Print the lines in the listing below that fall between the line with "#65=VERTEX_POINT('',#64);" and the line with "#83=ORIENTED_EDGE('',*,*,#82,.T.);", those two lines included, exactly as they stand and with nothing else.

═══ RECORDS SHOWN

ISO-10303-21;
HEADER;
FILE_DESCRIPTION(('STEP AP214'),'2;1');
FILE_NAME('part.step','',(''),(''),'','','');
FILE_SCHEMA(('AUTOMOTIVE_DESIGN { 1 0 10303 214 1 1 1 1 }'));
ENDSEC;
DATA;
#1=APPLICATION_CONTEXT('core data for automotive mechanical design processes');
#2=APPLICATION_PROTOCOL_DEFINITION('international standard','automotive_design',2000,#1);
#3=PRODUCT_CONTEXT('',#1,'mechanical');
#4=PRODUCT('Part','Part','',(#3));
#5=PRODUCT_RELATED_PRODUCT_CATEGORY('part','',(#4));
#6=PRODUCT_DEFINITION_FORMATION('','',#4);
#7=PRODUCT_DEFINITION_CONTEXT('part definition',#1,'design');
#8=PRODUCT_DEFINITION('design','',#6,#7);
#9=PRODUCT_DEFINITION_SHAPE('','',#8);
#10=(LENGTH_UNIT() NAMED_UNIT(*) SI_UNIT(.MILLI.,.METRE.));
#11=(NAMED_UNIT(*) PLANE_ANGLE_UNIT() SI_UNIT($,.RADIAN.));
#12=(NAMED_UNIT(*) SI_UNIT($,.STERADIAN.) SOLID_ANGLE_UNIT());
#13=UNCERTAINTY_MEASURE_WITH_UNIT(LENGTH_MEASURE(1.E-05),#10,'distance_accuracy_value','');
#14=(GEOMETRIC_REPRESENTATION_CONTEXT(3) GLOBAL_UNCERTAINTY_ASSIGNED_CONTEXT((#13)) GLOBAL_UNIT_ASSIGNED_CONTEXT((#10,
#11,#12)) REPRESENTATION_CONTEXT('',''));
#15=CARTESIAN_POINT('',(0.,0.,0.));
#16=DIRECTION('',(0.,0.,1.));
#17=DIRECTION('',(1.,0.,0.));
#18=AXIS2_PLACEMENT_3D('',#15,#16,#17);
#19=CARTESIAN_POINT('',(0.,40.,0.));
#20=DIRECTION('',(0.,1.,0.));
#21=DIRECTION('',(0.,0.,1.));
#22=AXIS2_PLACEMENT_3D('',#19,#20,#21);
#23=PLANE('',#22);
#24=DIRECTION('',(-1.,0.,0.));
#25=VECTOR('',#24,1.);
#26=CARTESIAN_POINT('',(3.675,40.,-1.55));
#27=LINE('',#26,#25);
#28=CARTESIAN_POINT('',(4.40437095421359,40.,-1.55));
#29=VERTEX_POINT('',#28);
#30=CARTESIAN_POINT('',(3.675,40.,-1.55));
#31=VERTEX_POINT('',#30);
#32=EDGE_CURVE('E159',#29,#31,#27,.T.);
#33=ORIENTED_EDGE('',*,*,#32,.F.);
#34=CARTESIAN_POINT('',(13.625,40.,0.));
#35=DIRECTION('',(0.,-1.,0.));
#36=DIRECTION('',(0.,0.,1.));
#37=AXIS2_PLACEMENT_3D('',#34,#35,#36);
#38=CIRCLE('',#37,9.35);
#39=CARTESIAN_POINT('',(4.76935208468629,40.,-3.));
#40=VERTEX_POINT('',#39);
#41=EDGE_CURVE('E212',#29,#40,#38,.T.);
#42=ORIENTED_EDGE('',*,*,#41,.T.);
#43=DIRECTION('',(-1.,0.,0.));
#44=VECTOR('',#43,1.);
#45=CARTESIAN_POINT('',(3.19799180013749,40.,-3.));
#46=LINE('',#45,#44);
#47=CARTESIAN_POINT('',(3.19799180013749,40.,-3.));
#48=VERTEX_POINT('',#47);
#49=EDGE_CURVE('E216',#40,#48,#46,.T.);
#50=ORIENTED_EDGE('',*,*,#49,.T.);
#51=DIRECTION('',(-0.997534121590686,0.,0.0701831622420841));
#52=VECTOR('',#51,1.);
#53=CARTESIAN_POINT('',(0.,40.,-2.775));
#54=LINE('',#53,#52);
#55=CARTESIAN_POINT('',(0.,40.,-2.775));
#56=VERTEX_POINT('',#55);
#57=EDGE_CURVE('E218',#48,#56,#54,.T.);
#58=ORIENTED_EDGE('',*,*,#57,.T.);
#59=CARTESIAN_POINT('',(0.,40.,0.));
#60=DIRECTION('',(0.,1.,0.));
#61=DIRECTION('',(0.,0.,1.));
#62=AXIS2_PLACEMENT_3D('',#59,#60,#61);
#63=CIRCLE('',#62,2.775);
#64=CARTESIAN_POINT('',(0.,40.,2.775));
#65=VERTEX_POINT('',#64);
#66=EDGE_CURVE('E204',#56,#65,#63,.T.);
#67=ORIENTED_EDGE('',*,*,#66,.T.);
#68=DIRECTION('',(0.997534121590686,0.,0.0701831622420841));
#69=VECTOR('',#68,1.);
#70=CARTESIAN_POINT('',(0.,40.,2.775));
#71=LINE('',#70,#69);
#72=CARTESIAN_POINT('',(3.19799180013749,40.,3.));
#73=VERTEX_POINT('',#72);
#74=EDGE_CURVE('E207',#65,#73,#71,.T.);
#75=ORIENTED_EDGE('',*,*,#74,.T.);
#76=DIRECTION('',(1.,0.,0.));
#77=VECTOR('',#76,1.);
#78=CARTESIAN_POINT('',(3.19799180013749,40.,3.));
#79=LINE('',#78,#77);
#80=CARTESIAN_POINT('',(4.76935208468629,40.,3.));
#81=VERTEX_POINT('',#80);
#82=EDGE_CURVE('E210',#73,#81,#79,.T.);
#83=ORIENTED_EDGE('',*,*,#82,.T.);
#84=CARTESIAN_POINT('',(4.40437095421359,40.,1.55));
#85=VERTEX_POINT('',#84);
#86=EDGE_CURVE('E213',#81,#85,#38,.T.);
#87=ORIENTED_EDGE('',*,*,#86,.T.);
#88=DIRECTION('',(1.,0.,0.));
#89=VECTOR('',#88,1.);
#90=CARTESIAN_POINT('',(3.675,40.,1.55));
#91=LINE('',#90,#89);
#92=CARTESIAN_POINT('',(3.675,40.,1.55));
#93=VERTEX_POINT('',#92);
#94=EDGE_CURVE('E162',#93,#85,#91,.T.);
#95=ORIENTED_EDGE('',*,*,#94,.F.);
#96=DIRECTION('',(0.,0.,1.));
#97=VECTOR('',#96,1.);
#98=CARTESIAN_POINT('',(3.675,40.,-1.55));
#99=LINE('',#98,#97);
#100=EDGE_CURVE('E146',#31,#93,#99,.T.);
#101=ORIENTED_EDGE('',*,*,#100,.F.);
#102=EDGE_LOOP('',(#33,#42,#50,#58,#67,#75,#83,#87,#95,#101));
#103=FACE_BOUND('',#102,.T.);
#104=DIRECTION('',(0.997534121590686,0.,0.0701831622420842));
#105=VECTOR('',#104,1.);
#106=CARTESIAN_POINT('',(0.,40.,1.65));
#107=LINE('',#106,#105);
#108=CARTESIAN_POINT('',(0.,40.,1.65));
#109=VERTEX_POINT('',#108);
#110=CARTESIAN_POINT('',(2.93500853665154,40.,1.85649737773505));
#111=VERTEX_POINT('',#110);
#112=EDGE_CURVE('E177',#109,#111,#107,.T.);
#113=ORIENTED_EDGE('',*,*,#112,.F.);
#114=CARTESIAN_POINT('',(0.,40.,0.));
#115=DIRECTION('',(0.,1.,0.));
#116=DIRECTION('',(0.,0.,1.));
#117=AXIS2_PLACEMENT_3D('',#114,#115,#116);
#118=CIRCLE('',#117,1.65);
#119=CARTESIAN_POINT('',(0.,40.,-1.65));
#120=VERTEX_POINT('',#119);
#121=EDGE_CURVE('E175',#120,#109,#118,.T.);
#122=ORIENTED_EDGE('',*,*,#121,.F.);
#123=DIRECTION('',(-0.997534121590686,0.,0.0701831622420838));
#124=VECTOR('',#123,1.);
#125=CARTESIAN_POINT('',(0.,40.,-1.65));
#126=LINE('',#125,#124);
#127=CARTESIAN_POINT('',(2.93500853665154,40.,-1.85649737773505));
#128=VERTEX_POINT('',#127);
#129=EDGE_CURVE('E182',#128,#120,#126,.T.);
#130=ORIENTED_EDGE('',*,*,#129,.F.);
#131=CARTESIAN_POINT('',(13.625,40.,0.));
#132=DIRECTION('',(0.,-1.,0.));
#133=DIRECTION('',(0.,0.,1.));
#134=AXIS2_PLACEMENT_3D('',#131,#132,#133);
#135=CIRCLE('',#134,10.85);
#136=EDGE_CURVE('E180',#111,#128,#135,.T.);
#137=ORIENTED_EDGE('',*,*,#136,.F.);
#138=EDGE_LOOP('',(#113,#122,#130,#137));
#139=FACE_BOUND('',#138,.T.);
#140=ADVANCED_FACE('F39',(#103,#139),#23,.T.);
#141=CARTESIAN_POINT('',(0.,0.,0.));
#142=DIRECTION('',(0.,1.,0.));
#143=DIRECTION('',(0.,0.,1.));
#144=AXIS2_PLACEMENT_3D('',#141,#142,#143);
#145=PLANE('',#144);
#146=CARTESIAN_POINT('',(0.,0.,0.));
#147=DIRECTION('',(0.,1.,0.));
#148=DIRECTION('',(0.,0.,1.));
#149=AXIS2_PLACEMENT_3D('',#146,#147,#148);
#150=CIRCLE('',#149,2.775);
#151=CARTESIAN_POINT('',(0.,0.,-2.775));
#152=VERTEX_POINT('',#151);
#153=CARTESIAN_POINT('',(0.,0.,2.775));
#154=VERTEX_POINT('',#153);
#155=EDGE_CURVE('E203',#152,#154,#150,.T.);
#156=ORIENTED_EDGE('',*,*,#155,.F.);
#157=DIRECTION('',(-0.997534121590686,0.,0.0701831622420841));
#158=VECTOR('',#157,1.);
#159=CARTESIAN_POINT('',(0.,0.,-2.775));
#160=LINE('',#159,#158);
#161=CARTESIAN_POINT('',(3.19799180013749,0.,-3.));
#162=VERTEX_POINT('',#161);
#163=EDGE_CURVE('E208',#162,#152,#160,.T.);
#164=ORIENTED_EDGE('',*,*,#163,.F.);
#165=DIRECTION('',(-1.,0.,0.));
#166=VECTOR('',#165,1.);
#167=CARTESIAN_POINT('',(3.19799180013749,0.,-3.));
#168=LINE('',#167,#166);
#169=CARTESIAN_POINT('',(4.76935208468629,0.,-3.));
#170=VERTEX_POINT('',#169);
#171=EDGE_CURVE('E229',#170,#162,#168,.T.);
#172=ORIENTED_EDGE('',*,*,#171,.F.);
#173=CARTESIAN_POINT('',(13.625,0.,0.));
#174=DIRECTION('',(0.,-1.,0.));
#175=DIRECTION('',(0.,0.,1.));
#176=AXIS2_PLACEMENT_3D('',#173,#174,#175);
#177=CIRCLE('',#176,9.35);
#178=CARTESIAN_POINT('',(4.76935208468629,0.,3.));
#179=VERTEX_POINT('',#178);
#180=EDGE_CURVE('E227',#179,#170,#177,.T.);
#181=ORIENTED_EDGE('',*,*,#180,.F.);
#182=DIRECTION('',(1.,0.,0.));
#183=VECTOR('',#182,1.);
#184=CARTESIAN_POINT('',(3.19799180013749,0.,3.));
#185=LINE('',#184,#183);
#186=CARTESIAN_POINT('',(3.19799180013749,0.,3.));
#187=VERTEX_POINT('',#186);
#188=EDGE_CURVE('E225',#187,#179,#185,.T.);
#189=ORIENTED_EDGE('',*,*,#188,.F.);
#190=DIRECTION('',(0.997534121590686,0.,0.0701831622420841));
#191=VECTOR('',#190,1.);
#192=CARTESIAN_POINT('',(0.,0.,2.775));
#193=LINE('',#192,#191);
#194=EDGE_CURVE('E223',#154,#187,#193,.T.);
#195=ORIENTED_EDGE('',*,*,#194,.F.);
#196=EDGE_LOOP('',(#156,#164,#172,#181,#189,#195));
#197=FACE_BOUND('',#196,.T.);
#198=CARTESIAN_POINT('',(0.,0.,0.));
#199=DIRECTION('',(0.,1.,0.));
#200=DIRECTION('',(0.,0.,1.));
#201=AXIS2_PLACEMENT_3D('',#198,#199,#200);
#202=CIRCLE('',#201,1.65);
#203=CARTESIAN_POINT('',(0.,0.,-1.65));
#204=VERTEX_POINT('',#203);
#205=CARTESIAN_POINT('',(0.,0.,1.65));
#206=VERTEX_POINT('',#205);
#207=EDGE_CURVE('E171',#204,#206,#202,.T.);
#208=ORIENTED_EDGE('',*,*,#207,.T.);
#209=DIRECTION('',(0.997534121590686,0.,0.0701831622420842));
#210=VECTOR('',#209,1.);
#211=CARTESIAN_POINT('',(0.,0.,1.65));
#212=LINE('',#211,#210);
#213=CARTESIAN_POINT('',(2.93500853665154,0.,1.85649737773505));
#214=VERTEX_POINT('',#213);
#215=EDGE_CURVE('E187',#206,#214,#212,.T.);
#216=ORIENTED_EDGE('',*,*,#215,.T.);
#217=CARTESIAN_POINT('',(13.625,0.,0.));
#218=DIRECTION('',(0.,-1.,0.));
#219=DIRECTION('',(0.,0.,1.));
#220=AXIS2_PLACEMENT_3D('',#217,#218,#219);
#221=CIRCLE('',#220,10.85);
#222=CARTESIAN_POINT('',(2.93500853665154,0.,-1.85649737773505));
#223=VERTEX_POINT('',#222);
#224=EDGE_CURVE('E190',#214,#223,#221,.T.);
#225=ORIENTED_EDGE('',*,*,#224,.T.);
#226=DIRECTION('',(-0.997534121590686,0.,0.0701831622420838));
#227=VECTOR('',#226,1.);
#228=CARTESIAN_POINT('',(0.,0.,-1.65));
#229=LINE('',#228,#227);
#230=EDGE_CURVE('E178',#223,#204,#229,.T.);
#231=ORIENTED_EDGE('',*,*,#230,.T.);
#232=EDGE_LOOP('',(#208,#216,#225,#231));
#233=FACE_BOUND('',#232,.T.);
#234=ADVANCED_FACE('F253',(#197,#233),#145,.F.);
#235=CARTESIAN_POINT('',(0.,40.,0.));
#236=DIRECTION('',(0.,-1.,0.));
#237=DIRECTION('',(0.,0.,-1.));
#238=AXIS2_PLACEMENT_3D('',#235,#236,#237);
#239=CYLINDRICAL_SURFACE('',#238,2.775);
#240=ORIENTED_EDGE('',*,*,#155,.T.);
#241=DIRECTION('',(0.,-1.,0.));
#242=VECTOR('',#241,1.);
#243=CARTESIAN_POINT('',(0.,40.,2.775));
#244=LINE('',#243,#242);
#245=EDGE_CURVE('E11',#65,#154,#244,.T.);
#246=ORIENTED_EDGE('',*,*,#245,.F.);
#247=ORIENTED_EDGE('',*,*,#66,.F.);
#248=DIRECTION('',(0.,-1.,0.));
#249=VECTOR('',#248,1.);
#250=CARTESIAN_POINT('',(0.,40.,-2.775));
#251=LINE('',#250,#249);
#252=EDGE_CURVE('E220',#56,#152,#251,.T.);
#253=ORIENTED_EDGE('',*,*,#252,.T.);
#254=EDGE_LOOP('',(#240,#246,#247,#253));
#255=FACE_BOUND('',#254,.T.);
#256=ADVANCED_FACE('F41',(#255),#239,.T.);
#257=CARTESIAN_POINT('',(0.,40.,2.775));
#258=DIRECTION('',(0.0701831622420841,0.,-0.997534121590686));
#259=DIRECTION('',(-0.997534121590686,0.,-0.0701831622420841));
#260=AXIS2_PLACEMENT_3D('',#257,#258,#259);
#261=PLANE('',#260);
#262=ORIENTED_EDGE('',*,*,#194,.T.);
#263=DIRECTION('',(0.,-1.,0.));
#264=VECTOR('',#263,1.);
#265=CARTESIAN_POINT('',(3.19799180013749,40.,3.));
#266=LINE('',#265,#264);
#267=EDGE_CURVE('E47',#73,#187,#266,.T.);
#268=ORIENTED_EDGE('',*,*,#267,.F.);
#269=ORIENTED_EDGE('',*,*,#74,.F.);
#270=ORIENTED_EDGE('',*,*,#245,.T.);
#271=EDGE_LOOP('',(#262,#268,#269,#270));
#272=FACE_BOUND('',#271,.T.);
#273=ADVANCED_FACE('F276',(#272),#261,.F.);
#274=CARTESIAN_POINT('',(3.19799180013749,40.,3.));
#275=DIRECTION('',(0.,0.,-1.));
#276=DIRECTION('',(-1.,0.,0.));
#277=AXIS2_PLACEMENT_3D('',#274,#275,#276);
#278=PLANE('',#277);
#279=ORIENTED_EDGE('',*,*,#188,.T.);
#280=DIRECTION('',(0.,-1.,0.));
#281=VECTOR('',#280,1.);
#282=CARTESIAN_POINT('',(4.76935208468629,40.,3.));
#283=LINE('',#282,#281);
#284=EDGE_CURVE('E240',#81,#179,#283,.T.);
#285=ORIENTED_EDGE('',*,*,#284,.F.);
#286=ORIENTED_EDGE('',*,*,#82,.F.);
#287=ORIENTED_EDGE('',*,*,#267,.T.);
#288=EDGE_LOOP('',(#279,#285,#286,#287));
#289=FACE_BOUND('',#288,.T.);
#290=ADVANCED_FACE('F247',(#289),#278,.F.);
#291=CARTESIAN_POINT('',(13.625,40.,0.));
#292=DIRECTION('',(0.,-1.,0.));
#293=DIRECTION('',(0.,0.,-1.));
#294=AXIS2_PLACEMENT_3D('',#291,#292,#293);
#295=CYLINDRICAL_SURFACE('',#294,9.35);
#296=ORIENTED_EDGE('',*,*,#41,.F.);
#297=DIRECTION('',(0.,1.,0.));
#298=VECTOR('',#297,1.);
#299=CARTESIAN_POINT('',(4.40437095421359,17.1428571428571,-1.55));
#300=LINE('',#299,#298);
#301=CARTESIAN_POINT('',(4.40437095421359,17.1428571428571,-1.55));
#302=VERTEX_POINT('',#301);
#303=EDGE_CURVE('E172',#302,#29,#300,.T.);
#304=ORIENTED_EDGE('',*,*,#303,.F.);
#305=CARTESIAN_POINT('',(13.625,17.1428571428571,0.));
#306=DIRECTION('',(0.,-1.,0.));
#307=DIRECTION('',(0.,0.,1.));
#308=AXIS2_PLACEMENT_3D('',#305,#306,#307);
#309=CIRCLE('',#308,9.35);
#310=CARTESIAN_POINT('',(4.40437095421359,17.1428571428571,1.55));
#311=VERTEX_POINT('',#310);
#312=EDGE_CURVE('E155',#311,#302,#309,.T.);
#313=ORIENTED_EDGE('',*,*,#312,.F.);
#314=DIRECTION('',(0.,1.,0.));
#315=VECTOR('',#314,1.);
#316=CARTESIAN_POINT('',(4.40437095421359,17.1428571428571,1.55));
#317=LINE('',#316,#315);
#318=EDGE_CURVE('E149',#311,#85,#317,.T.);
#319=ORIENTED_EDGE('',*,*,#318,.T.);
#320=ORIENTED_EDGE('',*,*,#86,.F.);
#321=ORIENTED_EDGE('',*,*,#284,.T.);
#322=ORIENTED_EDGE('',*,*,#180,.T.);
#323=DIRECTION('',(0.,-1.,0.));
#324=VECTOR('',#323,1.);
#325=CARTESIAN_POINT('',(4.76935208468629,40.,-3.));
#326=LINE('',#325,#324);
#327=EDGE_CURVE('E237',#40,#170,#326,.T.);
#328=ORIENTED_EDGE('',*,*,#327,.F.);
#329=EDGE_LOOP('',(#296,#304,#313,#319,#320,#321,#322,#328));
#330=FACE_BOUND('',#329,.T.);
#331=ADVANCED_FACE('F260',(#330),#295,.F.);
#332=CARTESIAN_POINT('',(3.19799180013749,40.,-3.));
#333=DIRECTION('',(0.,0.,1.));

══════

# RESPONSE FOR THIS EXERCISE
#65=VERTEX_POINT('',#64);
#66=EDGE_CURVE('E204',#56,#65,#63,.T.);
#67=ORIENTED_EDGE('',*,*,#66,.T.);
#68=DIRECTION('',(0.997534121590686,0.,0.0701831622420841));
#69=VECTOR('',#68,1.);
#70=CARTESIAN_POINT('',(0.,40.,2.775));
#71=LINE('',#70,#69);
#72=CARTESIAN_POINT('',(3.19799180013749,40.,3.));
#73=VERTEX_POINT('',#72);
#74=EDGE_CURVE('E207',#65,#73,#71,.T.);
#75=ORIENTED_EDGE('',*,*,#74,.T.);
#76=DIRECTION('',(1.,0.,0.));
#77=VECTOR('',#76,1.);
#78=CARTESIAN_POINT('',(3.19799180013749,40.,3.));
#79=LINE('',#78,#77);
#80=CARTESIAN_POINT('',(4.76935208468629,40.,3.));
#81=VERTEX_POINT('',#80);
#82=EDGE_CURVE('E210',#73,#81,#79,.T.);
#83=ORIENTED_EDGE('',*,*,#82,.T.);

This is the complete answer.